He emerged from oblivion a few days ago wrapped in the shadows of a bygone regata which is being resuscitated this weekend, and I think he deserves more space than the regata and I want you to know about him not only for his own sake, but to demonstrate that Erla’s Venice does not consist exclusively of moldy leftovers and mismatched socks and intelligent people who believe crazy things and not-so-intelligent people who believe those things are brilliant.

His name was Luigi Graziottin (GRA-tsee-aw-TEEN): Born in Castello in 1852, died in Castello in 1926, and forgotten in Castello ever since.

Via Garibaldi, the spinal cord, nervous system and lymph nodes of Castello, where Graziottin was known by everybody, especially the storekeepers he asked for donations.

The regata he was involved in organizing and promoting was inspired by the city-wide desire to celebrate September 20, a crucial date in the amalgamation process of the newly united Italy.  The festivities in Castello were a huge neighborhood event.
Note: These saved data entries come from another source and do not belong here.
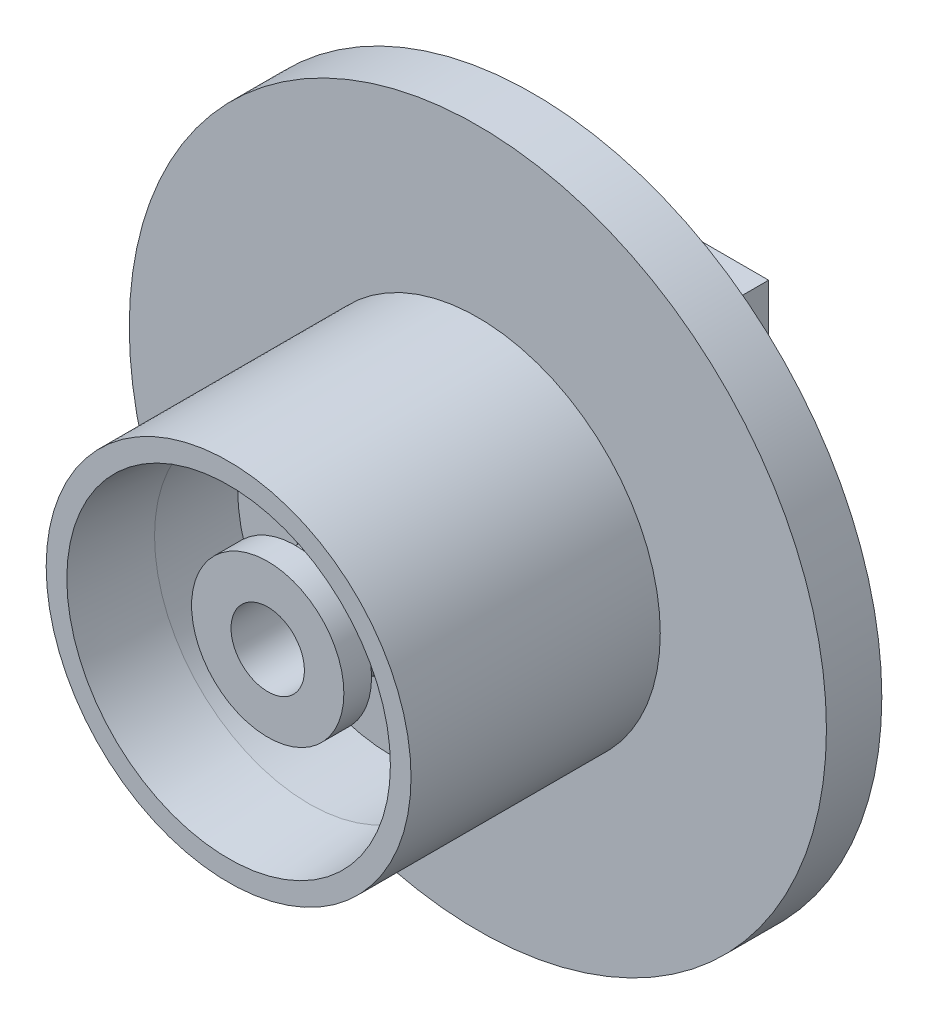
ISO-10303-21;
HEADER;
FILE_DESCRIPTION(('STEP AP214'),'2;1');
FILE_NAME('part.step','',(''),(''),'','','');
FILE_SCHEMA(('AUTOMOTIVE_DESIGN { 1 0 10303 214 1 1 1 1 }'));
ENDSEC;
DATA;
#1=APPLICATION_CONTEXT('core data for automotive mechanical design processes');
#2=APPLICATION_PROTOCOL_DEFINITION('international standard','automotive_design',2000,#1);
#3=PRODUCT_CONTEXT('',#1,'mechanical');
#4=PRODUCT('Part','Part','',(#3));
#5=PRODUCT_RELATED_PRODUCT_CATEGORY('part','',(#4));
#6=PRODUCT_DEFINITION_FORMATION('','',#4);
#7=PRODUCT_DEFINITION_CONTEXT('part definition',#1,'design');
#8=PRODUCT_DEFINITION('design','',#6,#7);
#9=PRODUCT_DEFINITION_SHAPE('','',#8);
#10=(LENGTH_UNIT() NAMED_UNIT(*) SI_UNIT(.MILLI.,.METRE.));
#11=(NAMED_UNIT(*) PLANE_ANGLE_UNIT() SI_UNIT($,.RADIAN.));
#12=(NAMED_UNIT(*) SI_UNIT($,.STERADIAN.) SOLID_ANGLE_UNIT());
#13=UNCERTAINTY_MEASURE_WITH_UNIT(LENGTH_MEASURE(1.E-05),#10,'distance_accuracy_value','');
#14=(GEOMETRIC_REPRESENTATION_CONTEXT(3) GLOBAL_UNCERTAINTY_ASSIGNED_CONTEXT((#13)) GLOBAL_UNIT_ASSIGNED_CONTEXT((#10,
#11,#12)) REPRESENTATION_CONTEXT('',''));
#15=CARTESIAN_POINT('',(0.,0.,0.));
#16=DIRECTION('',(0.,0.,1.));
#17=DIRECTION('',(1.,0.,0.));
#18=AXIS2_PLACEMENT_3D('',#15,#16,#17);
#19=CARTESIAN_POINT('',(0.,0.,-3.96015510839148));
#20=DIRECTION('',(0.,0.,1.));
#21=DIRECTION('',(1.,0.,0.));
#22=AXIS2_PLACEMENT_3D('',#19,#20,#21);
#23=CYLINDRICAL_SURFACE('',#22,2.65);
#24=CARTESIAN_POINT('',(0.,0.,7.4));
#25=DIRECTION('',(0.,0.,1.));
#26=DIRECTION('',(1.,0.,0.));
#27=AXIS2_PLACEMENT_3D('',#24,#25,#26);
#28=CIRCLE('',#27,2.65);
#29=CARTESIAN_POINT('',(2.65,0.,7.4));
#30=VERTEX_POINT('',#29);
#31=EDGE_CURVE('E81',#30,#30,#28,.F.);
#32=ORIENTED_EDGE('',*,*,#31,.T.);
#33=EDGE_LOOP('',(#32));
#34=FACE_BOUND('',#33,.T.);
#35=CARTESIAN_POINT('',(0.,0.,19.175));
#36=DIRECTION('',(0.,0.,1.));
#37=DIRECTION('',(1.,0.,0.));
#38=AXIS2_PLACEMENT_3D('',#35,#36,#37);
#39=CIRCLE('',#38,2.65);
#40=CARTESIAN_POINT('',(2.65,0.,19.175));
#41=VERTEX_POINT('',#40);
#42=EDGE_CURVE('E86',#41,#41,#39,.T.);
#43=ORIENTED_EDGE('',*,*,#42,.T.);
#44=EDGE_LOOP('',(#43));
#45=FACE_BOUND('',#44,.T.);
#46=ADVANCED_FACE('F70',(#34,#45),#23,.F.);
#47=CARTESIAN_POINT('',(0.,0.,-3.96015510839148));
#48=DIRECTION('',(0.,0.,1.));
#49=DIRECTION('',(1.,0.,0.));
#50=AXIS2_PLACEMENT_3D('',#47,#48,#49);
#51=CYLINDRICAL_SURFACE('',#50,3.875);
#52=CARTESIAN_POINT('',(0.,0.,7.4));
#53=DIRECTION('',(0.,0.,1.));
#54=DIRECTION('',(1.,0.,0.));
#55=AXIS2_PLACEMENT_3D('',#52,#53,#54);
#56=CIRCLE('',#55,3.875);
#57=CARTESIAN_POINT('',(3.875,0.,7.4));
#58=VERTEX_POINT('',#57);
#59=EDGE_CURVE('E13',#58,#58,#56,.F.);
#60=ORIENTED_EDGE('',*,*,#59,.F.);
#61=EDGE_LOOP('',(#60));
#62=FACE_BOUND('',#61,.T.);
#63=CARTESIAN_POINT('',(0.,0.,17.175));
#64=DIRECTION('',(0.,0.,1.));
#65=DIRECTION('',(1.,0.,0.));
#66=AXIS2_PLACEMENT_3D('',#63,#64,#65);
#67=CIRCLE('',#66,3.875);
#68=CARTESIAN_POINT('',(3.875,0.,17.175));
#69=VERTEX_POINT('',#68);
#70=EDGE_CURVE('E77',#69,#69,#67,.T.);
#71=ORIENTED_EDGE('',*,*,#70,.F.);
#72=EDGE_LOOP('',(#71));
#73=FACE_BOUND('',#72,.T.);
#74=ADVANCED_FACE('F114',(#62,#73),#51,.T.);
#75=CARTESIAN_POINT('',(0.,0.,7.4));
#76=DIRECTION('',(0.,0.,1.));
#77=DIRECTION('',(1.,0.,0.));
#78=AXIS2_PLACEMENT_3D('',#75,#76,#77);
#79=PLANE('',#78);
#80=ORIENTED_EDGE('',*,*,#59,.T.);
#81=EDGE_LOOP('',(#80));
#82=FACE_BOUND('',#81,.T.);
#83=ORIENTED_EDGE('',*,*,#31,.F.);
#84=EDGE_LOOP('',(#83));
#85=FACE_BOUND('',#84,.T.);
#86=ADVANCED_FACE('F72',(#82,#85),#79,.F.);
#87=CARTESIAN_POINT('',(0.,0.,19.175));
#88=DIRECTION('',(0.,0.,-1.));
#89=DIRECTION('',(-1.,0.,0.));
#90=AXIS2_PLACEMENT_3D('',#87,#88,#89);
#91=CYLINDRICAL_SURFACE('',#90,5.5);
#92=CARTESIAN_POINT('',(0.,0.,19.175));
#93=DIRECTION('',(0.,0.,1.));
#94=DIRECTION('',(1.,0.,0.));
#95=AXIS2_PLACEMENT_3D('',#92,#93,#94);
#96=CIRCLE('',#95,5.5);
#97=CARTESIAN_POINT('',(5.5,0.,19.175));
#98=VERTEX_POINT('',#97);
#99=EDGE_CURVE('E91',#98,#98,#96,.T.);
#100=ORIENTED_EDGE('',*,*,#99,.F.);
#101=EDGE_LOOP('',(#100));
#102=FACE_BOUND('',#101,.T.);
#103=CARTESIAN_POINT('',(0.,0.,17.175));
#104=DIRECTION('',(0.,0.,1.));
#105=DIRECTION('',(1.,0.,0.));
#106=AXIS2_PLACEMENT_3D('',#103,#104,#105);
#107=CIRCLE('',#106,5.5);
#108=CARTESIAN_POINT('',(5.5,0.,17.175));
#109=VERTEX_POINT('',#108);
#110=EDGE_CURVE('E88',#109,#109,#107,.T.);
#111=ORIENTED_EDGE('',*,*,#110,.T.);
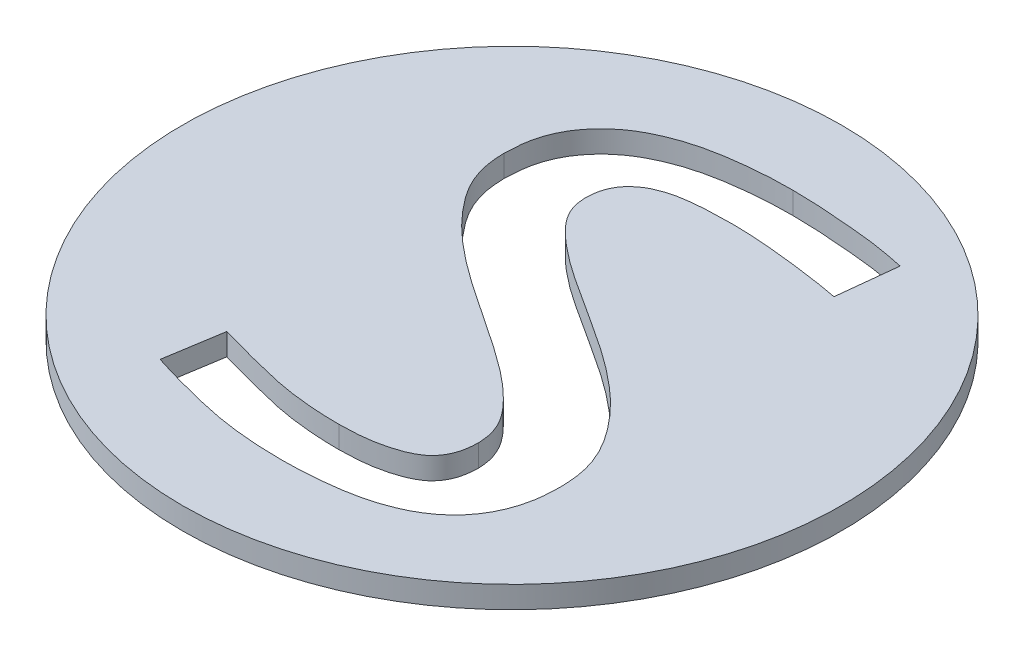
ISO-10303-21;
HEADER;
FILE_DESCRIPTION(('STEP AP214'),'2;1');
FILE_NAME('part.step','',(''),(''),'','','');
FILE_SCHEMA(('AUTOMOTIVE_DESIGN { 1 0 10303 214 1 1 1 1 }'));
ENDSEC;
DATA;
#1=APPLICATION_CONTEXT('core data for automotive mechanical design processes');
#2=APPLICATION_PROTOCOL_DEFINITION('international standard','automotive_design',2000,#1);
#3=PRODUCT_CONTEXT('',#1,'mechanical');
#4=PRODUCT('Part','Part','',(#3));
#5=PRODUCT_RELATED_PRODUCT_CATEGORY('part','',(#4));
#6=PRODUCT_DEFINITION_FORMATION('','',#4);
#7=PRODUCT_DEFINITION_CONTEXT('part definition',#1,'design');
#8=PRODUCT_DEFINITION('design','',#6,#7);
#9=PRODUCT_DEFINITION_SHAPE('','',#8);
#10=(LENGTH_UNIT() NAMED_UNIT(*) SI_UNIT(.MILLI.,.METRE.));
#11=(NAMED_UNIT(*) PLANE_ANGLE_UNIT() SI_UNIT($,.RADIAN.));
#12=(NAMED_UNIT(*) SI_UNIT($,.STERADIAN.) SOLID_ANGLE_UNIT());
#13=UNCERTAINTY_MEASURE_WITH_UNIT(LENGTH_MEASURE(1.E-05),#10,'distance_accuracy_value','');
#14=(GEOMETRIC_REPRESENTATION_CONTEXT(3) GLOBAL_UNCERTAINTY_ASSIGNED_CONTEXT((#13)) GLOBAL_UNIT_ASSIGNED_CONTEXT((#10,
#11,#12)) REPRESENTATION_CONTEXT('',''));
#15=CARTESIAN_POINT('',(0.,0.,0.));
#16=DIRECTION('',(0.,0.,1.));
#17=DIRECTION('',(1.,0.,0.));
#18=AXIS2_PLACEMENT_3D('',#15,#16,#17);
#19=CARTESIAN_POINT('',(0.,3.,0.));
#20=DIRECTION('',(0.,-1.,0.));
#21=DIRECTION('',(0.,0.,-1.));
#22=AXIS2_PLACEMENT_3D('',#19,#20,#21);
#23=CYLINDRICAL_SURFACE('',#22,45.);
#24=CARTESIAN_POINT('',(0.,3.,0.));
#25=DIRECTION('',(0.,1.,0.));
#26=DIRECTION('',(0.,0.,1.));
#27=AXIS2_PLACEMENT_3D('',#24,#25,#26);
#28=CIRCLE('',#27,45.);
#29=CARTESIAN_POINT('',(0.,3.,45.));
#30=VERTEX_POINT('',#29);
#31=EDGE_CURVE('E11',#30,#30,#28,.T.);
#32=ORIENTED_EDGE('',*,*,#31,.F.);
#33=EDGE_LOOP('',(#32));
#34=FACE_BOUND('',#33,.T.);
#35=CARTESIAN_POINT('',(0.,0.,0.));
#36=DIRECTION('',(0.,1.,0.));
#37=DIRECTION('',(0.,0.,1.));
#38=AXIS2_PLACEMENT_3D('',#35,#36,#37);
#39=CIRCLE('',#38,45.);
#40=CARTESIAN_POINT('',(0.,0.,45.));
#41=VERTEX_POINT('',#40);
#42=EDGE_CURVE('E36',#41,#41,#39,.T.);
#43=ORIENTED_EDGE('',*,*,#42,.T.);
#44=EDGE_LOOP('',(#43));
#45=FACE_BOUND('',#44,.T.);
#46=ADVANCED_FACE('F33',(#34,#45),#23,.T.);
#47=CARTESIAN_POINT('',(0.,3.,0.));
#48=DIRECTION('',(0.,1.,0.));
#49=DIRECTION('',(0.,0.,1.));
#50=AXIS2_PLACEMENT_3D('',#47,#48,#49);
#51=PLANE('',#50);
#52=DIRECTION('',(-0.108540378836708,0.,0.994092041091761));
#53=VECTOR('',#52,1.);
#54=CARTESIAN_POINT('',(20.6696628205624,3.,-32.3242306669531));
#55=LINE('',#54,#53);
#56=CARTESIAN_POINT('',(20.6696628205624,3.,-32.3242306669531));
#57=VERTEX_POINT('',#56);
#58=CARTESIAN_POINT('',(19.7809909455624,3.,-24.1851247641753));
#59=VERTEX_POINT('',#58);
#60=EDGE_CURVE('E123',#57,#59,#55,.T.);
#61=ORIENTED_EDGE('',*,*,#60,.T.);
#62=CARTESIAN_POINT('',(19.7809909455624,3.,-24.1851247641753));
#63=CARTESIAN_POINT('',(19.255065106621,3.,-24.2879147975227));
#64=CARTESIAN_POINT('',(18.1220863050278,3.,-24.5093508255225));
#65=CARTESIAN_POINT('',(16.3165516273251,3.,-24.7701799570665));
#66=CARTESIAN_POINT('',(14.3577524177518,3.,-25.0573301276036));
#67=CARTESIAN_POINT('',(12.3110582965966,3.,-25.3028329725789));
#68=CARTESIAN_POINT('',(10.2295676081157,3.,-25.5379302434009));
#69=CARTESIAN_POINT('',(8.17330110133087,3.,-25.6960778815114));
#70=CARTESIAN_POINT('',(6.22191350872532,3.,-25.8192665571809));
#71=CARTESIAN_POINT('',(4.96995689520007,3.,-25.839869106277));
#72=CARTESIAN_POINT('',(4.37734511222905,3.,-25.8496212919531));
#73=B_SPLINE_CURVE_WITH_KNOTS('',3,(#62,#63,#64,#65,#66,#67,#68,#69,#70,#71,#72),.UNSPECIFIED.,
.F.,.F.,(4,1,1,1,1,1,1,1,4),(0.,0.103629530367887,0.223244519345558,0.352755691955491,
0.486535688759644,0.621913482174517,0.757855193409768,0.885381119425096,1.),.UNSPECIFIED.);
#74=CARTESIAN_POINT('',(4.37734511222905,3.,-25.8496212919531));
#75=VERTEX_POINT('',#74);
#76=EDGE_CURVE('E132',#59,#75,#73,.T.);
#77=ORIENTED_EDGE('',*,*,#76,.T.);
#78=CARTESIAN_POINT('',(4.37734511222905,3.,-25.8496212919531));
#79=CARTESIAN_POINT('',(3.44620414552795,3.,-25.839565027623));
#80=CARTESIAN_POINT('',(1.65716033962061,3.,-25.8202434661691));
#81=CARTESIAN_POINT('',(-0.523497458604941,3.,-25.6784224058074));
#82=CARTESIAN_POINT('',(-2.13481450245812,3.,-25.4666213631972));
#83=CARTESIAN_POINT('',(-3.23425872256685,3.,-25.2697433744932));
#84=CARTESIAN_POINT('',(-4.23972254664861,3.,-24.9640518496958));
#85=CARTESIAN_POINT('',(-5.16308949744127,3.,-24.6149936573541));
#86=CARTESIAN_POINT('',(-6.00243157466114,3.,-24.2016604889534));
#87=CARTESIAN_POINT('',(-6.7335068284394,3.,-23.6758956633615));
#88=CARTESIAN_POINT('',(-7.38314189752563,3.,-23.0929977964632));
#89=CARTESIAN_POINT('',(-7.93008105238181,3.,-22.4195432787736));
#90=CARTESIAN_POINT('',(-8.35993509112979,3.,-21.6573677988957));
#91=CARTESIAN_POINT('',(-8.67379089911849,3.,-20.7965887840227));
#92=CARTESIAN_POINT('',(-8.85601585500777,3.,-19.8293573641394));
#93=CARTESIAN_POINT('',(-8.87324058085876,3.,-19.1501149514904));
#94=CARTESIAN_POINT('',(-8.88220349888207,3.,-18.7966699030642));
#95=B_SPLINE_CURVE_WITH_KNOTS('',3,(#78,#79,#80,#81,#82,#83,#84,#85,#86,#87,#88,#89,#90,#91,#92,
#93,#94),.UNSPECIFIED.,.F.,.F.,(4,1,1,1,1,1,1,1,1,1,1,1,1,1,4),(0.,0.163963513888044,
0.31503061234161,0.38434963508013,0.450111434189348,0.511411781908104,0.569070408270717,
0.623870343982577,0.675554642392097,0.727126085606523,0.777166195930033,0.827588401545214,
0.880498222161112,0.937817028399992,1.),.UNSPECIFIED.);
#96=CARTESIAN_POINT('',(-8.88220349888207,3.,-18.7966699030642));
#97=VERTEX_POINT('',#96);
#98=EDGE_CURVE('E47',#75,#97,#95,.T.);
#99=ORIENTED_EDGE('',*,*,#98,.T.);
#100=CARTESIAN_POINT('',(-8.88220349888207,3.,-18.7966699030642));
#101=CARTESIAN_POINT('',(-8.85081802689386,3.,-18.3602025281941));
#102=CARTESIAN_POINT('',(-8.78707682863002,3.,-17.4737747730932));
#103=CARTESIAN_POINT('',(-8.29952928492266,3.,-16.1777732311606));
#104=CARTESIAN_POINT('',(-7.53170587692125,3.,-14.9181747225319));
#105=CARTESIAN_POINT('',(-6.46883597241925,3.,-13.7074308789448));
#106=CARTESIAN_POINT('',(-5.19958807889817,3.,-12.505820488267));
#107=CARTESIAN_POINT('',(-3.75046077875041,3.,-11.3168742836388));
#108=CARTESIAN_POINT('',(-2.1735011640125,3.,-10.0957721064538));
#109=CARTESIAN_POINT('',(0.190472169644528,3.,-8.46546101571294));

The race was first known as the Regata di Castello, then the Regata of XX September.  It was held ten times between 1887 and 1913, skipping some years for various, ever-more-political reasons, with assorted modifications.  Then people stopped commemorating the date and the race had no reason to exist.

I know all this thanks to an excellent book, “La Regata di Castello o del XX settembre,” by Giorgio Crovato.  Too bad it’s only in Italian, it’s crammed with fascinating stuff.

Back to Graziottin.  He was a carpenter by trade, who worked in the Arsenal, and was also an ex-NCO of the Italian Navy.  He furthermore devised a cure for cholera which saved a couple of hundred lives in the national epidemic of 1886, no small feat when you consider how many cholera epidemics decimated Venice and/or Italy in the nineteenth century (1835-36, 1849, 1854, 1886).  He told a Roman reporter that he was known in Venice as the “king of cholera” — sounds funny unless you’ve been through a cholera epidemic, which I haven’t, thank God.

Campo Ruga, where I hope Graziottin would still feel at home, though in his day few people here looked this good.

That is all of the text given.